**Problem statement**
Can you pull out each line of the data below that includes the word "Denominator"?

**Stored items**
####################

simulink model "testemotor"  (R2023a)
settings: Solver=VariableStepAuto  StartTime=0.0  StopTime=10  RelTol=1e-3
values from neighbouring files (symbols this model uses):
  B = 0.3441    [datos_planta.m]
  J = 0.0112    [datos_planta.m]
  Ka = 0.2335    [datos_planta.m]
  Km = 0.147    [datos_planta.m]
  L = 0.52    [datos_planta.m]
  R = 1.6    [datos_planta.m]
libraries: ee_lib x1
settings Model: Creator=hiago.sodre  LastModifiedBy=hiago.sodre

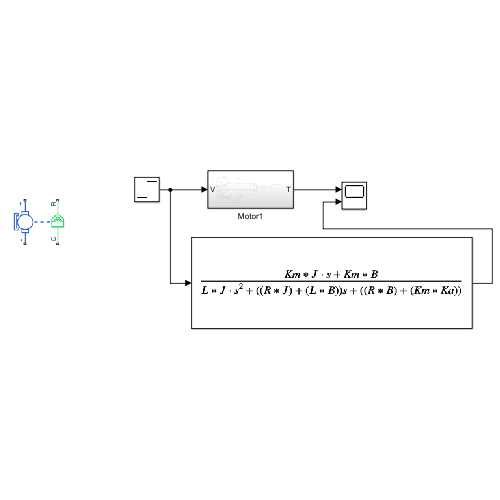
[thumbnail: Simulink's stored preview of the top-level diagram]
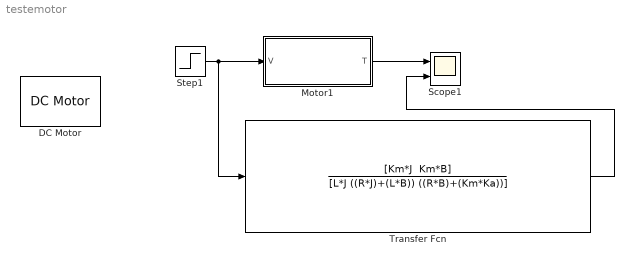
== system testemotor ==
  DC Motor : ee_lib/Electromechanical/Brushed Motors/DC Motor  field_option=ee.enum.field_option.pm  Rf=100 Ohm  Lf=1 H  Laf=0.15 H  If0=0 A  parameterization=ee.enum.dcparam_option.torque_speed  Ra=3.9 Ohm  La=12e-6 H  emf_or_torque=ee.enum.emf_or_torque.kv  Kv=0.072e-3 V/rpm  Ki=6.876e-4 N*m/A  T_stall=0.24e-3 N*m  w_max=19100 rpm  w_rated=15000 rpm  P_rated=0.08 W  V_rated=1.5 V  lam_param=ee.enum.lam_param.damping  i_noload=0 A  V_i_noload=1.5 V  J=0.01 cm^2*g  lam=0 N*m*s/rad  speed0=0 rpm  enable_fault_armature=simscape.enum.onoff.off  rev_faulted=1 / 3  G_faulted_armature=1e-5 S  fault_trigger_armature=ee.enum.faults.faultTrigger.temporal  t_fault_armature=1 s  max_permissible_current_armature=inf A  t_fail_on_current_armature=1 s  enable_fault_field=simscape.enum.onoff.off  G_faulted_field=1e-5 S  fault_trigger_field=ee.enum.faults.faultTrigger.temporal  t_fault_field=1 s  max_permissible_current_field=inf A  t_fail_on_current_field=1 s  fault_action=simscape.enum.assert.action.none  alpha=3.93e-3 1/K  Tmeas=25 degC  thermal_mass=100 J/K  initial_temperature=25 degC
  Motor1 : Subsystem
  Scope1 : Scope  NumInputPorts=2
  Step1 : Step  After=6  SampleTime=1
  Transfer Fcn : TransferFcn  Numerator="[Km*J  Km*B]"  Denominator=[L*J ((R*J)+(L*B)) ((R*B)+(Km*Ka))]
  wires:
  Motor1/1(T) -> Scope1/1
  Step1/1 -> Transfer Fcn/1, Motor1/1(V)
  Transfer Fcn/1 -> Scope1/2

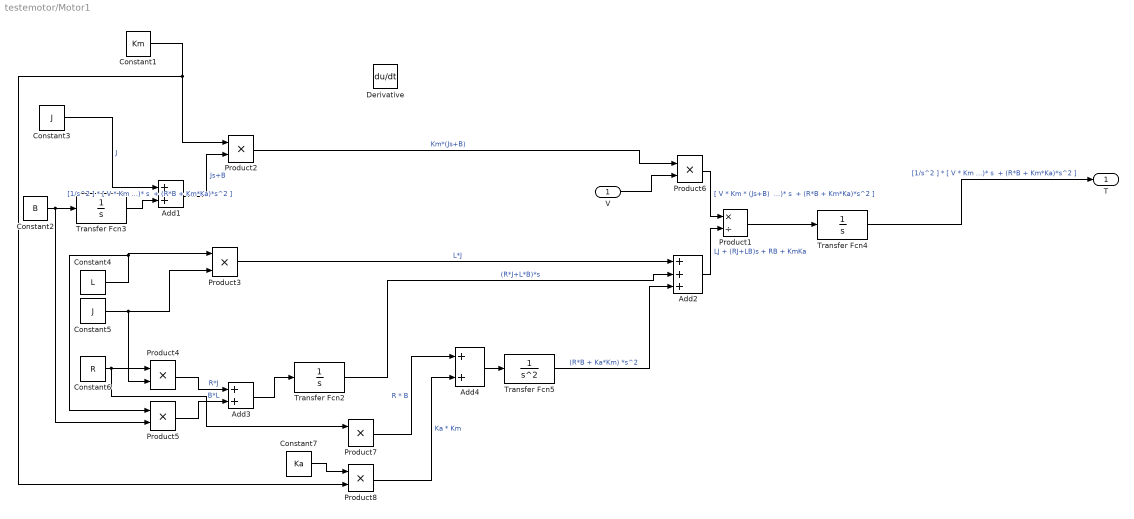
== system testemotor/Motor1 ==
  V : Inport
  Add1 : Sum
  Add2 : Sum  Inputs=+++
  Add3 : Sum
  Add4 : Sum
  Constant1 : Constant  Value=Km
  Constant2 : Constant  Value=B
  Constant3 : Constant  Value=J
  Constant4 : Constant  Value=L
  Constant5 : Constant  Value=J
  Constant6 : Constant  Value=R
  Constant7 : Constant  Value=Ka
  Derivative : Derivative
  Product1 : Product  Inputs=*/
  Product{2..8} (7 alike) : Product
  Transfer Fcn2 : TransferFcn  Denominator=[0 1 0]
  Transfer Fcn3 : TransferFcn  Denominator=[1 0]
  Transfer Fcn4 : TransferFcn  Denominator=[1 0]
  Transfer Fcn5 : TransferFcn  Denominator=[1 0 0]
  T : Outport
  wires:
  Add1/1 -> Product2/2  "Js+B"
  Product2/1 -> Product6/1  "Km*(Js+B)"
  Constant5/1 -> Product3/2, Product4/2
  Constant4/1 -> Product5/1, Product3/1
  Product4/1 -> Add3/1  "R*J"
  Product5/1 -> Add3/2  "B*L"
  Add2/1 -> Product1/2  "LJ + (RJ+LB)s + RB + KmKa"
  Add3/1 -> Transfer Fcn2/1
  Transfer Fcn2/1 -> Add2/2  "(R*J+L*B)*s"
  Constant6/1 -> Product7/1, Product4/1
  Product7/1 -> Add4/1  "R * B"
  Constant7/1 -> Product8/1
  Constant1/1 -> Product2/1, Product8/2
  Product8/1 -> Add4/2  "Ka * Km"
  Constant3/1 -> Add1/1  "J"
  Product3/1 -> Add2/1  "L*J"
  Transfer Fcn4/1 -> T/1  "[1/s^2 ] * [ V * Km * (Js+B)  /  L*J + (RJ+LB)* s  + (R*B + Km*Ka)*s^2 ]"
  V/1 -> Product6/2
  Product6/1 -> Product1/1  "[ V * Km * (Js+B)  /  L*J + (RJ+LB)* s  + (R*B + Km*Ka)*s^2 ]"
  Product1/1 -> Transfer Fcn4/1
  Add4/1 -> Transfer Fcn5/1
  Transfer Fcn5/1 -> Add2/3  "(R*B + Ka*Km) *s^2"
  Constant2/1 -> Product5/2, Transfer Fcn3/1
  Transfer Fcn3/1 -> Add1/2  "[1/s^2 ] * [ V * Km * (Js+B)  /  L*J + (RJ+LB)* s  + (R*B + Km*Ka)*s^2 ]"

####################

**Answer to the problem**
  Transfer Fcn : TransferFcn  Numerator="[Km*J  Km*B]"  Denominator=[L*J ((R*J)+(L*B)) ((R*B)+(Km*Ka))]
  Transfer Fcn2 : TransferFcn  Denominator=[0 1 0]
  Transfer Fcn3 : TransferFcn  Denominator=[1 0]
  Transfer Fcn4 : TransferFcn  Denominator=[1 0]
  Transfer Fcn5 : TransferFcn  Denominator=[1 0 0]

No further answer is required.